Records excerpted from a collection:
== Segment start ==

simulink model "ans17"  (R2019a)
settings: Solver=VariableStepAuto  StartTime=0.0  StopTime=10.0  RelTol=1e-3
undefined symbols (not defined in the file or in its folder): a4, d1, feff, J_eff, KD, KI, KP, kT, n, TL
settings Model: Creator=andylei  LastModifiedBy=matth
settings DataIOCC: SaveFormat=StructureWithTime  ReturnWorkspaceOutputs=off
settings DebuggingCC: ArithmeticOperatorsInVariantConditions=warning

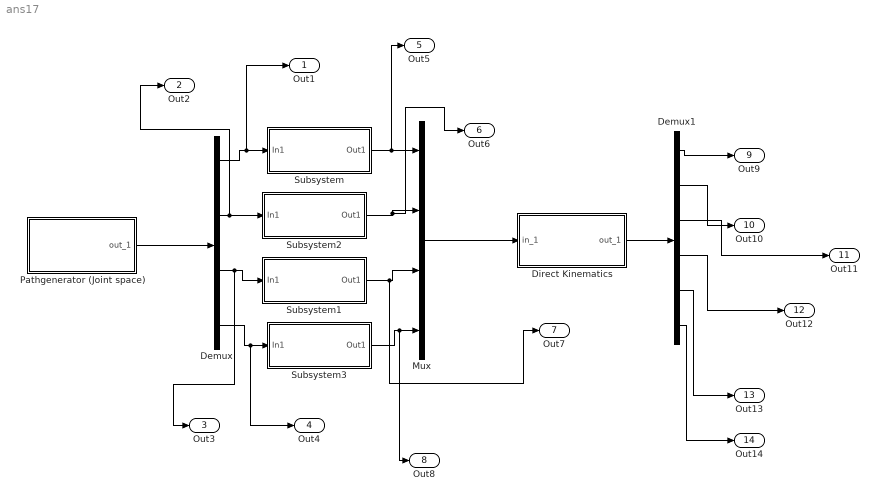
== system ans17 ==
  Demux : Demux
  Demux1 : Demux  Outputs=6
  Direct Kinematics : Subsystem
      mask Display: disp('Alto-Robot')
  Mux : Mux
  Pathgenerator (Joint space) : Subsystem
      mask Display: disp('Alto-Robot\n path -> q')
  Subsystem : Subsystem
  Subsystem1 : Subsystem
  Subsystem2 : Subsystem
  Subsystem3 : Subsystem
  Out1 : Outport
  Out2 : Outport  Port=2
  Out3 : Outport  Port=3
  Out4 : Outport  Port=4
  Out5 : Outport  Port=5
  Out6 : Outport  Port=6
  Out7 : Outport  Port=7
  Out8 : Outport  Port=8
  Out9 : Outport  Port=9
  Out10 : Outport  Port=10
  Out11 : Outport  Port=11
  Out12 : Outport  Port=12
  Out13 : Outport  Port=13
  Out14 : Outport  Port=14
  wires:
  Pathgenerator (Joint space)/1(out_1) -> Demux/1
  Mux/1 -> Direct Kinematics/1(in_1)
  Demux/1 -> Out1/1, Subsystem/1(In1)
  Demux/2 -> Subsystem2/1(In1), Out2/1
  Demux/3 -> Out3/1, Subsystem1/1(In1)
  Demux/4 -> Out4/1, Subsystem3/1(In1)
  Subsystem/1(Out1) -> Out5/1, Mux/1
  Subsystem2/1(Out1) -> Out6/1, Mux/2
  Subsystem1/1(Out1) -> Out7/1, Mux/3
  Subsystem3/1(Out1) -> Out8/1, Mux/4
  Direct Kinematics/1(out_1) -> Demux1/1
  Demux1/1 -> Out9/1
  Demux1/2 -> Out10/1
  Demux1/3 -> Out11/1
  Demux1/4 -> Out12/1
  Demux1/5 -> Out13/1
  Demux1/6 -> Out14/1

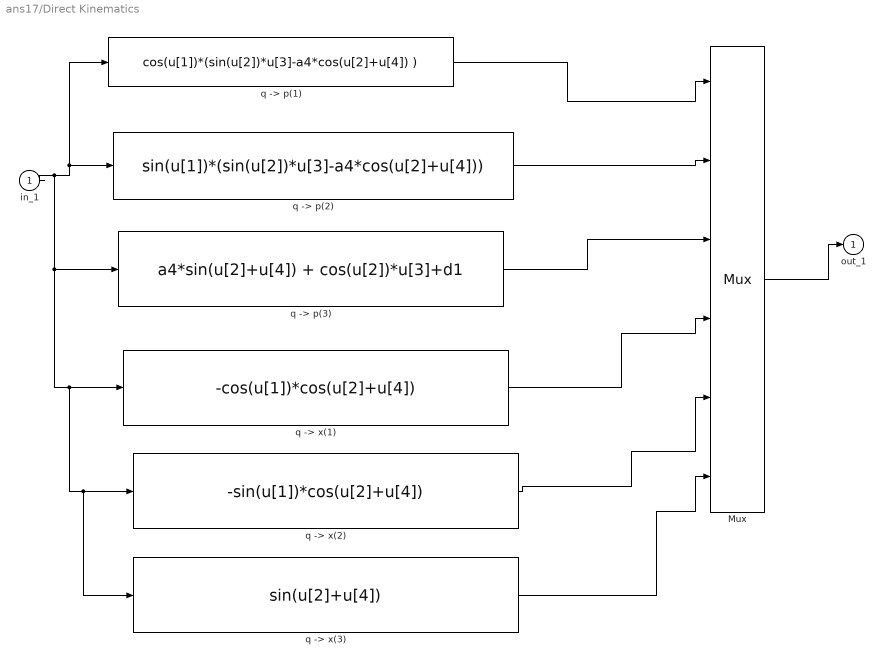
== system ans17/Direct Kinematics ==
  in_1 : Inport
  Mux : Mux  Inputs=6
  "q -> p(1)" : Fcn  Expr=cos(u[1])*(sin(u[2])*u[3]-a4*cos(u[2]+u[4]) )
  "q -> p(2)" : Fcn  Expr=sin(u[1])*(sin(u[2])*u[3]-a4*cos(u[2]+u[4]))
  "q -> p(3)" : Fcn  Expr=a4*sin(u[2]+u[4]) + cos(u[2])*u[3]+d1
  "q -> x(1)" : Fcn  Expr=-cos(u[1])*cos(u[2]+u[4])
  "q -> x(2)" : Fcn  Expr=-sin(u[1])*cos(u[2]+u[4])
  "q -> x(3)" : Fcn  Expr=sin(u[2]+u[4])
  out_1 : Outport  InitialOutput=0
  wires:
  Mux/1 -> out_1/1
  in_1/1 -> "q -> x(3)"/1, "q -> x(2)"/1, "q -> x(1)"/1, "q -> p(3)"/1, "q -> p(2)"/1, "q -> p(1)"/1
  "q -> x(3)"/1 -> Mux/6
  "q -> x(2)"/1 -> Mux/5
  "q -> x(1)"/1 -> Mux/4
  "q -> p(1)"/1 -> Mux/1
  "q -> p(2)"/1 -> Mux/2
  "q -> p(3)"/1 -> Mux/3

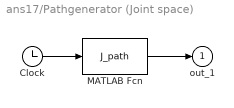
== system ans17/Pathgenerator (Joint space) ==
  Clock : Clock
  MATLAB Fcn : MATLABFcn  MATLABFcn=J_path  OutputDimensions=4
  out_1 : Outport
  wires:
  MATLAB Fcn/1 -> out_1/1
  Clock/1 -> MATLAB Fcn/1

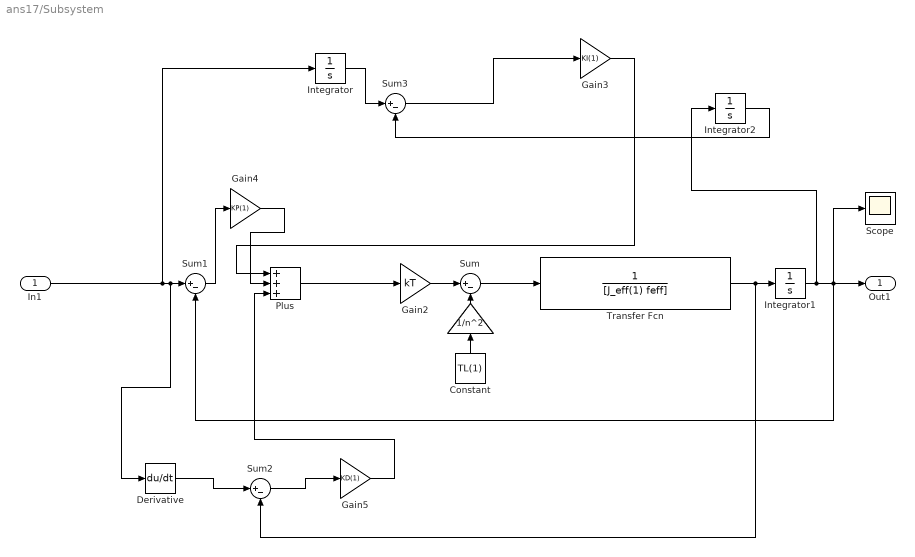
== system ans17/Subsystem ==
  In1 : Inport
  " " : Gain  Gain=1/n^2
  Constant : Constant  Value=TL(1)
  Derivative : Derivative
  Gain2 : Gain  Gain=kT
  Gain3 : Gain  Gain=KI(1)
  Gain4 : Gain  Gain=KP(1)
  Gain5 : Gain  Gain=KD(1)
  Integrator : Integrator
  Integrator1 : Integrator
  Integrator2 : Integrator
  Plus : Sum  Inputs=+++
  Scope : Scope
  Sum{,1..3} (4 alike) : Sum  Inputs=|+-
  Transfer Fcn : TransferFcn  Denominator=[J_eff(1) feff]
  Out1 : Outport
  wires:
  Sum3/1 -> Gain3/1
  Gain3/1 -> Plus/1
  Sum2/1 -> Gain5/1
  Integrator/1 -> Sum3/1
  Derivative/1 -> Sum2/1
  Gain5/1 -> Plus/3
  In1/1 -> Integrator/1, Derivative/1, Sum1/1
  Gain4/1 -> Plus/2
  Integrator1/1 -> Integrator2/1, Out1/1, Scope/1, Sum1/2
  Sum1/1 -> Gain4/1
  Gain2/1 -> Sum/1
  Transfer Fcn/1 -> Sum2/2, Integrator1/1
  Constant/1 -> " "/1
  " "/1 -> Sum/2
  Sum/1 -> Transfer Fcn/1
  Plus/1 -> Gain2/1
  Integrator2/1 -> Sum3/2

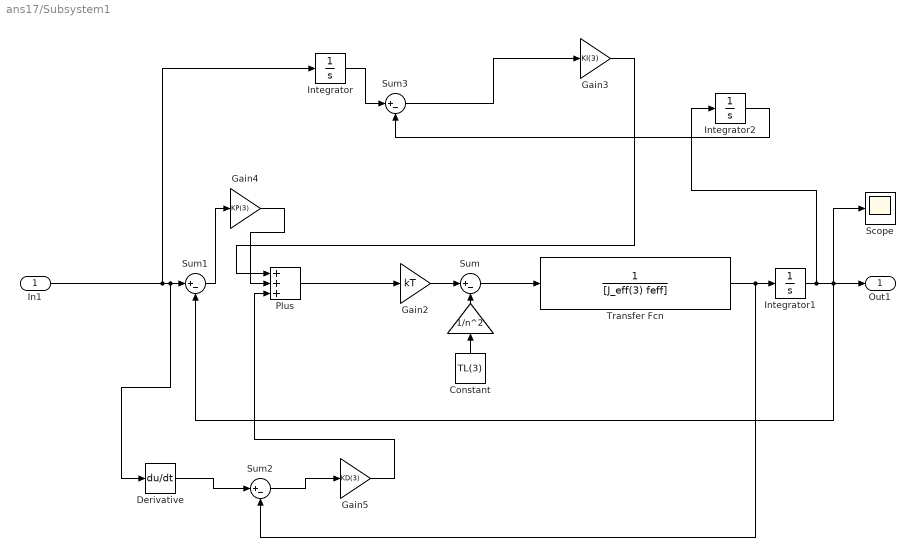
== system ans17/Subsystem1 ==
  In1 : Inport
  " " : Gain  Gain=1/n^2
  Constant : Constant  Value=TL(3)
  Derivative : Derivative
  Gain2 : Gain  Gain=kT
  Gain3 : Gain  Gain=KI(3)
  Gain4 : Gain  Gain=KP(3)
  Gain5 : Gain  Gain=KD(3)
  Integrator : Integrator
  Integrator1 : Integrator
  Integrator2 : Integrator
  Plus : Sum  Inputs=+++
  Scope : Scope
  Sum{,1..3} (4 alike) : Sum  Inputs=|+-
  Transfer Fcn : TransferFcn  Denominator=[J_eff(3) feff]
  Out1 : Outport
  wires:
  Sum3/1 -> Gain3/1
  Gain3/1 -> Plus/1
  Sum2/1 -> Gain5/1
  Integrator/1 -> Sum3/1
  Derivative/1 -> Sum2/1
  Gain5/1 -> Plus/3
  In1/1 -> Integrator/1, Derivative/1, Sum1/1
  Gain4/1 -> Plus/2
  Integrator1/1 -> Integrator2/1, Out1/1, Scope/1, Sum1/2
  Sum1/1 -> Gain4/1
  Gain2/1 -> Sum/1
  Transfer Fcn/1 -> Sum2/2, Integrator1/1
  Constant/1 -> " "/1
  " "/1 -> Sum/2
  Sum/1 -> Transfer Fcn/1
  Plus/1 -> Gain2/1
  Integrator2/1 -> Sum3/2

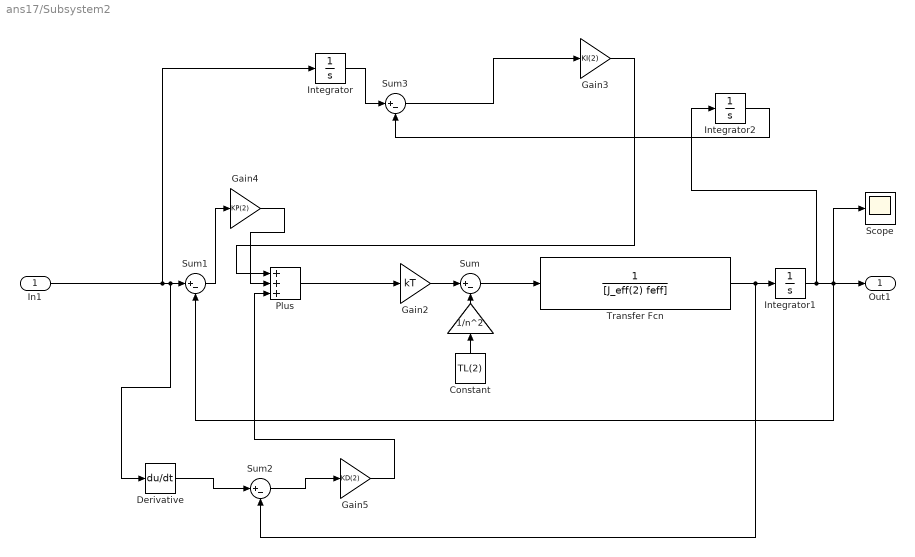
== system ans17/Subsystem2 ==
  In1 : Inport
  " " : Gain  Gain=1/n^2
  Constant : Constant  Value=TL(2)
  Derivative : Derivative
  Gain2 : Gain  Gain=kT
  Gain3 : Gain  Gain=KI(2)
  Gain4 : Gain  Gain=KP(2)
  Gain5 : Gain  Gain=KD(2)
  Integrator : Integrator
  Integrator1 : Integrator
  Integrator2 : Integrator
  Plus : Sum  Inputs=+++
  Scope : Scope
  Sum{,1..3} (4 alike) : Sum  Inputs=|+-
  Transfer Fcn : TransferFcn  Denominator=[J_eff(2) feff]
  Out1 : Outport
  wires:
  Sum3/1 -> Gain3/1
  Gain3/1 -> Plus/1
  Sum2/1 -> Gain5/1
  Integrator/1 -> Sum3/1
  Derivative/1 -> Sum2/1
  Gain5/1 -> Plus/3
  In1/1 -> Integrator/1, Derivative/1, Sum1/1
  Gain4/1 -> Plus/2
  Integrator1/1 -> Integrator2/1, Out1/1, Scope/1, Sum1/2
  Sum1/1 -> Gain4/1
  Gain2/1 -> Sum/1
  Transfer Fcn/1 -> Sum2/2, Integrator1/1
  Constant/1 -> " "/1
  " "/1 -> Sum/2
  Sum/1 -> Transfer Fcn/1
  Plus/1 -> Gain2/1
  Integrator2/1 -> Sum3/2

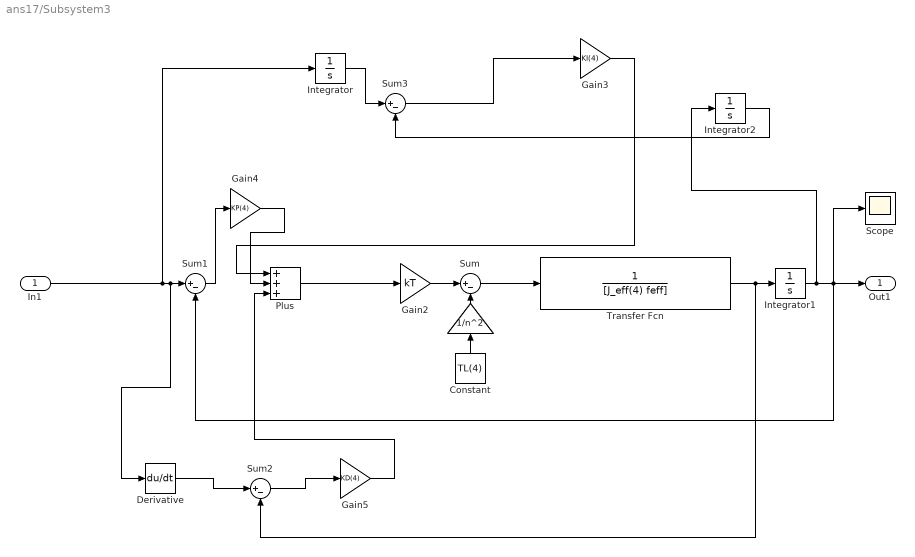
== system ans17/Subsystem3 ==
  In1 : Inport
  " " : Gain  Gain=1/n^2
  Constant : Constant  Value=TL(4)
  Derivative : Derivative
  Gain2 : Gain  Gain=kT
  Gain3 : Gain  Gain=KI(4)
  Gain4 : Gain  Gain=KP(4)
  Gain5 : Gain  Gain=KD(4)
  Integrator : Integrator
  Integrator1 : Integrator
  Integrator2 : Integrator
  Plus : Sum  Inputs=+++
  Scope : Scope
  Sum{,1..3} (4 alike) : Sum  Inputs=|+-
  Transfer Fcn : TransferFcn  Denominator=[J_eff(4) feff]
  Out1 : Outport
  wires:
  Sum3/1 -> Gain3/1
  Gain3/1 -> Plus/1
  Sum2/1 -> Gain5/1
  Integrator/1 -> Sum3/1
  Derivative/1 -> Sum2/1
  Gain5/1 -> Plus/3
  In1/1 -> Integrator/1, Derivative/1, Sum1/1
  Gain4/1 -> Plus/2
  Integrator1/1 -> Integrator2/1, Out1/1, Scope/1, Sum1/2
  Sum1/1 -> Gain4/1
  Gain2/1 -> Sum/1
  Transfer Fcn/1 -> Sum2/2, Integrator1/1
  Constant/1 -> " "/1
  " "/1 -> Sum/2
  Sum/1 -> Transfer Fcn/1
  Plus/1 -> Gain2/1
  Integrator2/1 -> Sum3/2

== Segment end ==

Track down every line in the entries that includes the string "TransferFcn", and copy it.

## Answer area:
  Transfer Fcn : TransferFcn  Denominator=[J_eff(1) feff]
  Transfer Fcn : TransferFcn  Denominator=[J_eff(3) feff]
  Transfer Fcn : TransferFcn  Denominator=[J_eff(2) feff]
  Transfer Fcn : TransferFcn  Denominator=[J_eff(4) feff]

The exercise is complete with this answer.